Tuesday, November 22, 2011

The L word

I guess my readers are bewildered by the fact that I'm suddenly writing a lot about relationships. If I could offer a logical explanation for it --which I can-- it is that with all things constant, a budding relationship that I found in an unlikely environment is the only thing that is new in my life. Everything else has been just as stable and, I dare say, boring.

When I tell people that I have trouble dealing with the L word i.e. Love, they seem to think that I have commitment issues. That's not entirely true. I say "not entirely" because I once broke up with a person because he wanted a committed relationship, but I've never cheated on my partners.

The prospect of commitment is daunting mainly for the fact that I need to trust someone well enough to leave myself vulnerable and exposed. I don't think I can do that to anyone, not even to myself. I've never been wholly satisfied by who I am -- how can I trust another human being to be so? Ironically this doesn't mean I actively engage in fabricating another persona. It's not like I'm trying to make myself look good to others, but at the same time I don't want people to know the real me. Epic high school nostalgia.

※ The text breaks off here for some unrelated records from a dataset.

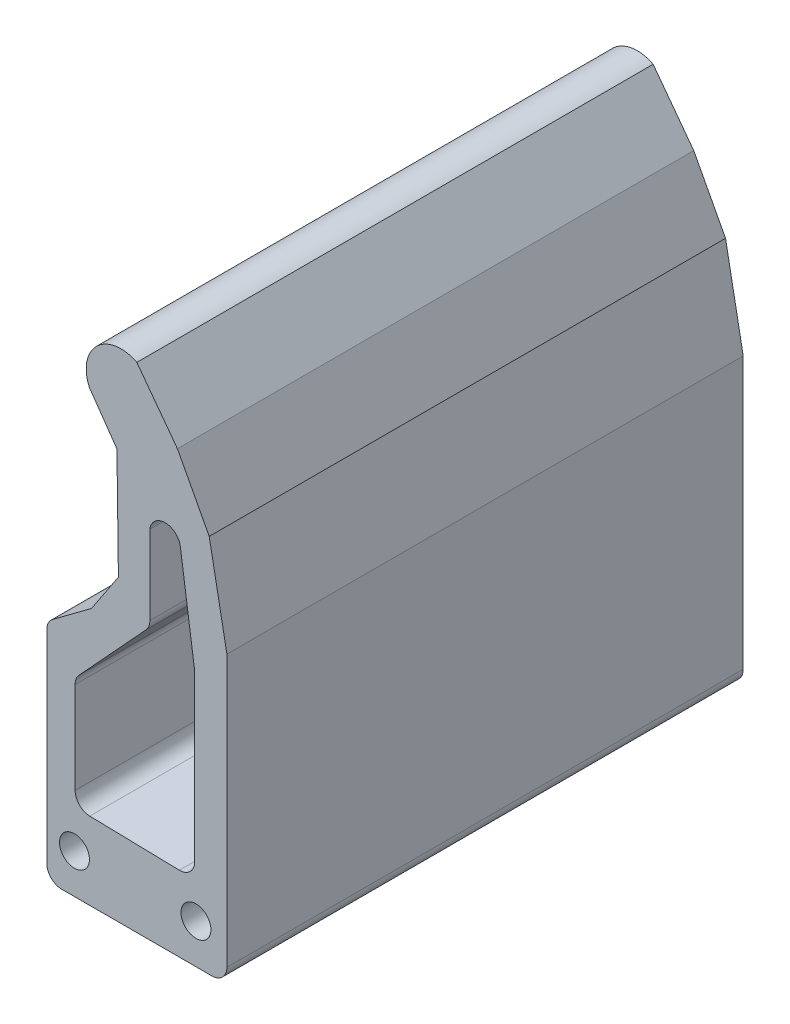
ISO-10303-21;
HEADER;
FILE_DESCRIPTION(('STEP AP214'),'2;1');
FILE_NAME('part.step','',(''),(''),'','','');
FILE_SCHEMA(('AUTOMOTIVE_DESIGN { 1 0 10303 214 1 1 1 1 }'));
ENDSEC;
DATA;
#1=APPLICATION_CONTEXT('core data for automotive mechanical design processes');
#2=APPLICATION_PROTOCOL_DEFINITION('international standard','automotive_design',2000,#1);
#3=PRODUCT_CONTEXT('',#1,'mechanical');
#4=PRODUCT('Part','Part','',(#3));
#5=PRODUCT_RELATED_PRODUCT_CATEGORY('part','',(#4));
#6=PRODUCT_DEFINITION_FORMATION('','',#4);
#7=PRODUCT_DEFINITION_CONTEXT('part definition',#1,'design');
#8=PRODUCT_DEFINITION('design','',#6,#7);
#9=PRODUCT_DEFINITION_SHAPE('','',#8);
#10=(LENGTH_UNIT() NAMED_UNIT(*) SI_UNIT(.MILLI.,.METRE.));
#11=(NAMED_UNIT(*) PLANE_ANGLE_UNIT() SI_UNIT($,.RADIAN.));
#12=(NAMED_UNIT(*) SI_UNIT($,.STERADIAN.) SOLID_ANGLE_UNIT());
#13=UNCERTAINTY_MEASURE_WITH_UNIT(LENGTH_MEASURE(1.E-05),#10,'distance_accuracy_value','');
#14=(GEOMETRIC_REPRESENTATION_CONTEXT(3) GLOBAL_UNCERTAINTY_ASSIGNED_CONTEXT((#13)) GLOBAL_UNIT_ASSIGNED_CONTEXT((#10,
#11,#12)) REPRESENTATION_CONTEXT('',''));
#15=CARTESIAN_POINT('',(0.,0.,0.));
#16=DIRECTION('',(0.,0.,1.));
#17=DIRECTION('',(1.,0.,0.));
#18=AXIS2_PLACEMENT_3D('',#15,#16,#17);
#19=CARTESIAN_POINT('',(-309.924389929028,378.849501293892,74.5));
#20=DIRECTION('',(0.,0.,-1.));
#21=DIRECTION('',(-1.,0.,0.));
#22=AXIS2_PLACEMENT_3D('',#19,#20,#21);
#23=PLANE('',#22);
#24=CARTESIAN_POINT('',(-313.031111026464,350.560286037333,74.5));
#25=DIRECTION('',(0.,0.,1.));
#26=DIRECTION('',(1.,0.,0.));
#27=AXIS2_PLACEMENT_3D('',#24,#25,#26);
#28=CIRCLE('',#27,0.999999999999998);
#29=CARTESIAN_POINT('',(-312.031111026464,350.560286037333,74.5));
#30=VERTEX_POINT('',#29);
#31=EDGE_CURVE('E696',#30,#30,#28,.T.);
#32=ORIENTED_EDGE('',*,*,#31,.F.);
#33=EDGE_LOOP('',(#32));
#34=FACE_BOUND('',#33,.T.);
#35=CARTESIAN_POINT('',(-304.914519909812,350.560286037333,74.5));
#36=DIRECTION('',(0.,0.,1.));
#37=DIRECTION('',(1.,0.,0.));
#38=AXIS2_PLACEMENT_3D('',#35,#36,#37);
#39=CIRCLE('',#38,0.999999999999998);
#40=CARTESIAN_POINT('',(-303.914519909812,350.560286037333,74.5));
#41=VERTEX_POINT('',#40);
#42=EDGE_CURVE('E406',#41,#41,#39,.T.);
#43=ORIENTED_EDGE('',*,*,#42,.F.);
#44=EDGE_LOOP('',(#43));
#45=FACE_BOUND('',#44,.T.);
#46=DIRECTION('',(0.,-1.,0.));
#47=VECTOR('',#46,1.);
#48=CARTESIAN_POINT('',(-314.881683349609,362.936676025391,74.5));
#49=LINE('',#48,#47);
#50=CARTESIAN_POINT('',(-314.881683349609,362.434701670394,74.5));
#51=VERTEX_POINT('',#50);
#52=CARTESIAN_POINT('',(-314.881683349609,348.91843813295,74.5));
#53=VERTEX_POINT('',#52);
#54=EDGE_CURVE('E271',#51,#53,#49,.T.);
#55=ORIENTED_EDGE('',*,*,#54,.T.);
#56=CARTESIAN_POINT('',(-313.881683349609,348.91843813295,74.5));
#57=DIRECTION('',(0.,0.,-1.));
#58=DIRECTION('',(-1.,0.,0.));
#59=AXIS2_PLACEMENT_3D('',#56,#57,#58);
#60=CIRCLE('',#59,1.);
#61=CARTESIAN_POINT('',(-313.881683349609,347.91843813295,74.5));
#62=VERTEX_POINT('',#61);
#63=EDGE_CURVE('E357',#53,#62,#60,.F.);
#64=ORIENTED_EDGE('',*,*,#63,.T.);
#65=DIRECTION('',(1.,0.,0.));
#66=VECTOR('',#65,1.);
#67=CARTESIAN_POINT('',(-314.881683349609,347.91843813295,74.5));
#68=LINE('',#67,#66);
#69=CARTESIAN_POINT('',(-303.847373472753,347.91843813295,74.5));
#70=VERTEX_POINT('',#69);
#71=EDGE_CURVE('E274',#62,#70,#68,.T.);
#72=ORIENTED_EDGE('',*,*,#71,.T.);
#73=CARTESIAN_POINT('',(-303.847373472753,348.91843813295,74.5));
#74=DIRECTION('',(0.,0.,-1.));
#75=DIRECTION('',(-1.,0.,0.));
#76=AXIS2_PLACEMENT_3D('',#73,#74,#75);
#77=CIRCLE('',#76,1.);
#78=CARTESIAN_POINT('',(-302.847373472753,348.918438132951,74.5));
#79=VERTEX_POINT('',#78);
#80=EDGE_CURVE('E355',#70,#79,#77,.F.);
#81=ORIENTED_EDGE('',*,*,#80,.T.);
#82=DIRECTION('',(0.,1.,0.));
#83=VECTOR('',#82,1.);
#84=CARTESIAN_POINT('',(-302.847373472753,347.91843813295,74.5));
#85=LINE('',#84,#83);
#86=CARTESIAN_POINT('',(-302.847373472753,367.045563249939,74.5));
#87=VERTEX_POINT('',#86);
#88=EDGE_CURVE('E277',#79,#87,#85,.T.);
#89=ORIENTED_EDGE('',*,*,#88,.T.);
#90=DIRECTION('',(-0.186540617008645,0.982447249579352,0.));
#91=VECTOR('',#90,1.);
#92=CARTESIAN_POINT('',(-302.847373472753,367.045563249939,74.5));
#93=LINE('',#92,#91);
#94=CARTESIAN_POINT('',(-304.02806020837,373.263846724187,74.5));
#95=VERTEX_POINT('',#94);
#96=EDGE_CURVE('E279',#87,#95,#93,.T.);
#97=ORIENTED_EDGE('',*,*,#96,.T.);
#98=DIRECTION('',(-0.467887720418968,0.883787916347096,0.));
#99=VECTOR('',#98,1.);
#100=CARTESIAN_POINT('',(-304.02806020837,373.263846724187,74.5));
#101=LINE('',#100,#99);
#102=CARTESIAN_POINT('',(-306.153296332479,377.278181625284,74.5));
#103=VERTEX_POINT('',#102);
#104=EDGE_CURVE('E281',#95,#103,#101,.T.);
#105=ORIENTED_EDGE('',*,*,#104,.T.);
#106=DIRECTION('',(-0.597471837141253,0.801889895074789,0.));
#107=VECTOR('',#106,1.);
#108=CARTESIAN_POINT('',(-306.153296332479,377.278181625284,74.5));
#109=LINE('',#108,#107);
#110=CARTESIAN_POINT('',(-308.864528411181,380.917030307284,74.5));
#111=VERTEX_POINT('',#110);
#112=EDGE_CURVE('E283',#103,#111,#109,.T.);
#113=ORIENTED_EDGE('',*,*,#112,.T.);
#114=CARTESIAN_POINT('',(-309.924389929028,378.849501293892,74.5));
#115=DIRECTION('',(0.,0.,1.));
#116=DIRECTION('',(-1.,0.,0.));
#117=AXIS2_PLACEMENT_3D('',#114,#115,#116);
#118=CIRCLE('',#117,2.32335590433929);
#119=CARTESIAN_POINT('',(-312.030492527549,377.868524993092,74.5));
#120=VERTEX_POINT('',#119);
#121=EDGE_CURVE('E258',#111,#120,#118,.T.);
#122=ORIENTED_EDGE('',*,*,#121,.T.);
#123=DIRECTION('',(0.57346234436332,-0.819231920519046,0.));
#124=VECTOR('',#123,1.);
#125=CARTESIAN_POINT('',(-312.030492527549,377.868524993092,74.5));
#126=LINE('',#125,#124);
#127=CARTESIAN_POINT('',(-310.193868716589,375.244776691722,74.5));
#128=VERTEX_POINT('',#127);
#129=EDGE_CURVE('E261',#120,#128,#126,.T.);
#130=ORIENTED_EDGE('',*,*,#129,.T.);
#131=DIRECTION('',(0.0132778277471396,-0.999911845759574,0.));
#132=VECTOR('',#131,1.);
#133=CARTESIAN_POINT('',(-310.193868716589,375.244776691722,74.5));
#134=LINE('',#133,#132);
#135=CARTESIAN_POINT('',(-310.096008300781,367.875213623047,74.5));
#136=VERTEX_POINT('',#135);
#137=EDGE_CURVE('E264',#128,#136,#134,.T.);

I've never been in love. That's a fact. I don't know how I'll feel when and if I ever fall in love. I always related well to Miranda's predicament in the sixth season of SATC when she had trouble saying I love you to Robert. She obviously likes spending time with him but for some strange reason she's unable to say it to him. SATC suggests that Robert, however perfect he may have been, wasn't right for Miranda, and that's why she couldn't confess love for him. Steve was the one. When the time was right Miranda couldn't hold it any longer and had to say it despite the circumstances.

I identify myself with Miranda in a lot of ways (save her education in Harvard and thriving legal career) and something tells me I'll have similar experience. I just hope it happens at the right moment to the right person.

Even though I'm not comfortable saying the L word even now, I think I'm making some progress. I've come to feel safe enough to disclose to him how I miss him and long to be with him. I literally suffer from withdrawal syndromes when I don't see him in person. I didn't expect any of these to happen in this country, at this time of my life.